Despite the recent forays in connectivity and initiatives to improve cross-border trade, exports from Northeast comprise only about 5 percent of India’s exports to neighbouring countries of Bangladesh, Myanmar and Bhutan.

Coal, one of Meghalaya’s prime commodities of export to Bangladesh with the rampancy of illegal coal mining, has rightly necessitated a rethink by policy makers for trade alternatives which are ecologically more sustainable.

Besides, lack of road connectivity in the border haats, poor facility of education and health facilities and poor electricity connections has been a perennial problem. Also, many border haats in the Northeastern region have to reopen from COVID-induced closure, again raising fears of informal trade.

As experts have rightly pointed out, there is a need for a regional development strategy to make best use of natural and agricultural resources instead of depleting it through extractive industries. The Northeastern states have to envision a region-based approach of trade which is ecologically sustainable and economically viable.

The ‘Look South’ Policy vis-à-vis Meghalaya, is one of the many initiatives that are required for the Northeastern region. There is a need to restructure the ‘Act East’ Policy and align it to such strategies evolved with the livelihood of people living in the borderlands factored in prominently.

The ‘Act East’ Policy may further be broken down into its components comprising of regional opportunities and threats emanating from ecology, demography, sovereignty and security of the Northeastern states.

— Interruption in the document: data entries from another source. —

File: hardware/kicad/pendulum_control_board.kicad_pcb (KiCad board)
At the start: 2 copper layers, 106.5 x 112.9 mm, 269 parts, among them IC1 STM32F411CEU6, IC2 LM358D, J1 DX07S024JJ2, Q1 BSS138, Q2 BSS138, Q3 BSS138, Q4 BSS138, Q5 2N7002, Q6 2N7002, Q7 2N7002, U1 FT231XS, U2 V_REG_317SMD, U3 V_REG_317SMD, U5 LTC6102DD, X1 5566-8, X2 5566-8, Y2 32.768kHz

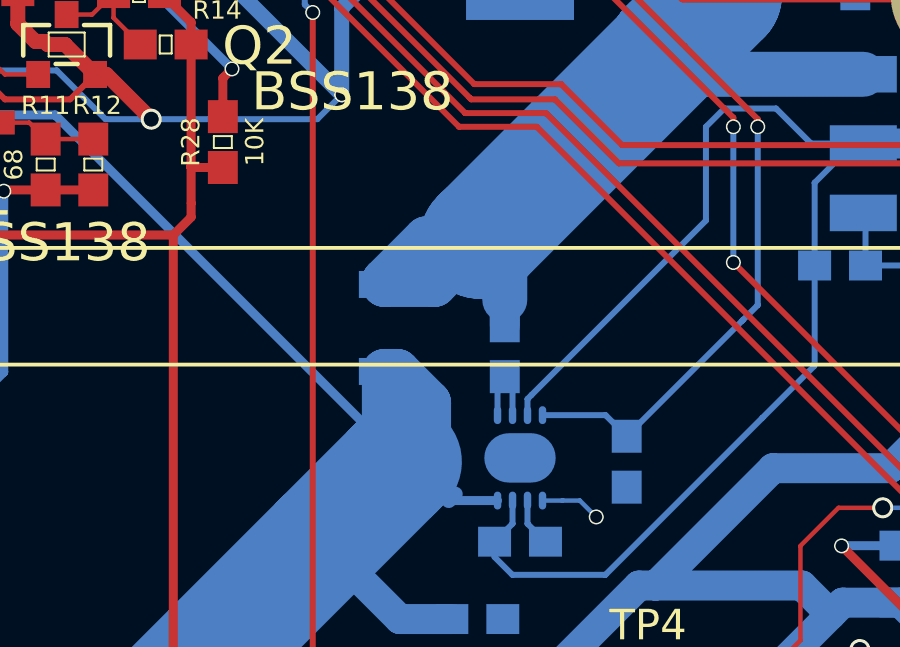
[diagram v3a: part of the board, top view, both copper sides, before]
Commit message: moved interfering resistor
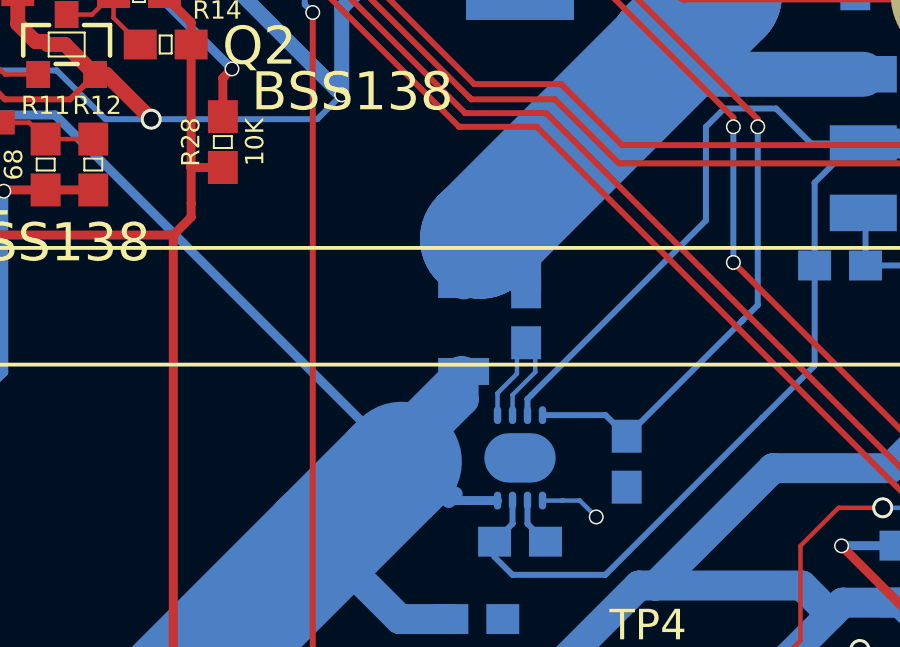
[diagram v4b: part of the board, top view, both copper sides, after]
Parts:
- moved R99 2.64 mm to (92.9, 125.0)
- moved R98 1.34 mm to (94.9, 124.7)
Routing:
- net /V_BATT: track 221.7 -> 210.1 mm
- net /N$85: track 2.77 -> 5.66 mm
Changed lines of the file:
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@@
     (links 735)
     (no_connects 0)
-    (area 47.536899 49.987999 154.177201 163.016401)
+    (area 44.840853 49.987999 154.177201 163.209581)
     (thickness 1.6)
     (drawings 6)
-    (tracks 2904)
+    (tracks 2903)
     (zones 0)
     (modules 269)
@@
   )
   (setup
-    (last_trace_width 0.3)
+    (last_trace_width 0.15)
     (user_trace_width 0.15)
     (user_trace_width 0.2)
@@
   )
   (module SPARKFUN-RESISTORS_0603 (layer B.Cu)
-    (at 94.234 125.7935 270)
+    (at 94.9452 124.6632 270)
     (descr "GENERIC 1608 (0603) PACKAGE")
     (tags "GENERIC 1608 (0603) PACKAGE")
@@
   )
   (module Resistors_SMD:R_1206 (layer B.Cu)
-    (at 90.2208 125.0188 90)
+    (at 92.8624 125.0188 90)
     (descr "Resistor SMD 1206, reflow soldering, Vishay (see dcrcw.pdf)")
     (tags "resistor 1206")
     (attr smd)
-    (fp_text reference R99 (at 0 2.3 90) (layer B.SilkS)
+    (fp_text reference R99 (at 0.254 -2.4892 90) (layer B.SilkS)
       (effects (font (size 1 1) (thickness 0.15)) (justify mirror))
     )
-    (fp_text value 1m (at 0 -2.3 90) (layer B.Fab)
+    (fp_text value 1m (at 0 -2.3 90) (layer B.Fab) hide
       (effects (font (size 1 1) (thickness 0.15)) (justify mirror))
     )
@@
   (segment (start 108.1024 148.6154) (end 106.77652 148.6154) (width 0.15) (layer B.Cu) (net 1))
   (segment (start 72.7075 101.68636) (end 72.263 101.68636) (width 0.15) (layer F.Cu) (net 1))
-  (segment (start 90.2208 123.5688) (end 90.2208 123.444) (width 1.5) (layer B.Cu) (net 2))
-  (segment (start 90.2208 123.444) (end 91.6178 122.047) (width 1.5) (layer B.Cu) (net 2))
-  (segment (start 91.6178 122.047) (end 93.4085 122.047) (width 1.5) (layer B.Cu) (net 2))
-  (segment (start 90.2208 123.5688) (end 91.8867 123.5688) (width 1.5) (layer B.Cu) (net 2))
-  (segment (start 91.8867 123.5688) (end 93.5355 121.92) (width 1.5) (layer B.Cu) (net 2))
+  (segment (start 94.9452 123.81484) (end 94.9452 120.6627) (width 1) (layer B.Cu) (net 2))
+  (segment (start 94.869 120.5865) (end 94.234 121.2215) (width 1) (layer B.Cu) (net 2))
+  (segment (start 94.9452 120.6627) (end 94.869 120.5865) (width 1) (layer B.Cu) (net 2))
+  (segment (start 92.8624 123.5688) (end 92.8624 122.5931) (width 1) (layer B.Cu) (net 2))
+  (segment (start 93.4085 122.047) (end 99.695 115.7605) (width 4) (layer B.Cu) (net 2))
+  (segment (start 93.5355 121.92) (end 93.4085 122.047) (width 4) (layer B.Cu) (net 2))
+  (segment (start 92.8624 122.5931) (end 93.5355 121.92) (width 1) (layer B.Cu) (net 2))
   (segment (start 95.08236 97.282) (end 96.5835 97.282) (width 0.2) (layer B.Cu) (net 2))
   (segment (start 96.5835 97.282) (end 98.1075 95.758) (width 0.2) (layer B.Cu) (net 2))
@@
   (segment (start 97.05086 107.4547) (end 101.1682 107.4547) (width 1.5) (layer B.Cu) (net 2))
   (segment (start 101.1682 107.4547) (end 101.473 107.7595) (width 1.5) (layer B.Cu) (net 2))
-  (segment (start 93.5355 121.92) (end 93.4085 122.047) (width 4) (layer B.Cu) (net 2))
-  (segment (start 93.4085 122.047) (end 99.695 115.7605) (width 4) (layer B.Cu) (net 2))
   (segment (start 101.473 113.919) (end 101.473 107.7595) (width 4) (layer B.Cu) (net 2))
   (segment (start 99.695 115.697) (end 101.473 113.919) (width 4) (layer B.Cu) (net 2))
   (segment (start 99.695 115.7605) (end 99.695 115.697) (width 4) (layer B.Cu) (net 2))
-  (segment (start 94.234 121.2215) (end 94.234 124.079) (width 1.5) (layer B.Cu) (net 2))
-  (segment (start 94.234 124.94514) (end 94.234 124.079) (width 1) (layer B.Cu) (net 2))
-  (segment (start 93.5355 121.92) (end 94.234 121.2215) (width 1.5) (layer B.Cu) (net 2))
-  (segment (start 94.234 121.2215) (end 92.583 122.8725) (width 1.5) (layer B.Cu) (net 2))
-  (segment (start 93.5355 121.92) (end 94.869 120.5865) (width 1) (layer B.Cu) (net 2))
-  (segment (start 94.234 121.2215) (end 94.869 120.5865) (width 1) (layer B.Cu) (net 2))
   (segment (start 104.56164 122.936) (end 104.56164 126.27356) (width 0.2) (layer B.Cu) (net 3))
   (segment (start 93.89364 132.65404) (end 94.488 133.2484) (width 0.2) (layer B.Cu) (net 3))
@@
   (segment (start 61.8236 103.9876) (end 60.94476 103.9876) (width 0.15) (layer F.Cu) (net 15))
   (segment (start 63.21298 105.37698) (end 61.8236 103.9876) (width 0.15) (layer F.Cu) (net 15))
-  (segment (start 90.2208 126.4688) (end 90.6548 126.4688) (width 1.5) (layer B.Cu) (net 16))
-  (segment (start 90.6548 126.4688) (end 91.694 127.508) (width 1.5) (layer B.Cu) (net 16))
+  (segment (start 92.8624 126.4688) (end 92.8624 127.4191) (width 1) (layer B.Cu) (net 16))
+  (segment (start 92.8624 127.4191) (end 91.694 128.5875) (width 1) (layer B.Cu) (net 16))
   (segment (start 91.694 128.5875) (end 90.805 129.4765) (width 1.5) (layer B.Cu) (net 16))
-  (segment (start 91.694 127.508) (end 91.694 128.5875) (width 1.5) (layer B.Cu) (net 16))
-  (segment (start 90.2208 126.4688) (end 90.2208 128.8923) (width 1.5) (layer B.Cu) (net 16))
+  (segment (start 92.8624 126.4688) (end 92.7332 126.4688) (width 1) (layer B.Cu) (net 16))
+  (segment (start 92.7332 126.4688) (end 90.805 128.397) (width 1) (layer B.Cu) (net 16))
+  (segment (start 90.805 128.397) (end 90.805 129.4765) (width 1.5) (layer B.Cu) (net 16))
   (segment (start 90.2208 128.8923) (end 90.805 129.4765) (width 1.5) (layer B.Cu) (net 16))
   (segment (start 92.47124 134.7216) (end 90.7288 134.7216) (width 1) (layer B.Cu) (net 16))
@@
   (via (at 56.896 113.792) (size 0.5) (drill 0.4) (layers F.Cu B.Cu) (net 16))
   (segment (start 92.583 130.556) (end 92.3671 130.7719) (width 0.5) (layer B.Cu) (net 16))
-  (segment (start 90.805 128.397) (end 90.805 129.4765) (width 1.5) (layer B.Cu) (net 16))
   (segment (start 90.551 128.651) (end 90.551 129.7305) (width 1) (layer B.Cu) (net 16))
   (segment (start 93.9927 130.7719) (end 92.3671 130.7719) (width 0.3) (layer B.Cu) (net 16))
@@
   (segment (start 59.69 72.898) (end 59.69 66.02476) (width 0.2) (layer F.Cu) (net 170))
   (segment (start 59.69 66.02476) (end 61.31052 64.40424) (width 0.2) (layer F.Cu) (net 170))
-  (segment (start 94.49308 127.92456) (end 94.49308 126.90094) (width 0.2) (layer B.Cu) (net 171))
-  (segment (start 94.49308 126.90094) (end 94.234 126.64186) (width 0.2) (layer B.Cu) (net 171))
-  (segment (start 93.9927 127.92456) (end 93.9927 126.88316) (width 0.2) (layer B.Cu) (net 171))
-  (segment (start 93.9927 126.88316) (end 94.234 126.64186) (width 0.2) (layer B.Cu) (net 171))
+  (segment (start 94.49308 127.92456) (end 94.49308 127.24892) (width 0.15) (layer B.Cu) (net 171) (status 400000))
+  (segment (start 95.25 126.492) (end 95.25 125.81636) (width 0.15) (layer B.Cu) (net 171) (status 800000))
+  (segment (start 94.49308 127.24892) (end 95.25 126.492) (width 0.15) (layer B.Cu) (net 171))
+  (segment (start 95.25 125.81636) (end 94.9452 125.51156) (width 0.15) (layer B.Cu) (net 171) (status C00000))
+  (segment (start 94.9452 125.51156) (end 94.9452 125.6792) (width 0.15) (layer B.Cu) (net 171) (status C00000))
+  (segment (start 94.9452 125.6792) (end 94.6404 125.984) (width 0.15) (layer B.Cu) (net 171) (status C00000))
+  (segment (start 94.6404 125.984) (end 94.6404 126.5428) (width 0.15) (layer B.Cu) (net 171) (status 400000))
+  (segment (start 94.6404 126.5428) (end 93.9927 127.1905) (width 0.15) (layer B.Cu) (net 171))
+  (segment (start 93.9927 127.1905) (end 93.9927 127.92456) (width 0.15) (layer B.Cu) (net 171) (status 800000))
   (segment (start 67.5767 102.87508) (end 67.5767 101.61016) (width 0.15) (layer F.Cu) (net 172))
   (segment (start 67.5767 101.61016) (end 67.945 101.24186) (width 0.15) (layer F.Cu) (net 172))

In this regard, they may take a cue from Bangladesh which has already begun work on connecting corners of the country with six lane highways. Railway connectivity is also taking place connecting up to the border areas. Dhaka has already chalked out plans how they are to work with the states of Assam, West Bengal, Meghalaya, Mizoram and Tripura.

(The author is an Assistant Policy Analyst with CUTS International, a global public policy think- and action-tank working on trade, regulation and governance. Some of the ideas presented in this article were deliberated upon at the International Interdisciplinary Seminar on ‘Look South Policy vis-à-vis Meghalaya’ organized by Synod College, Shillong on 21-22 November 2022).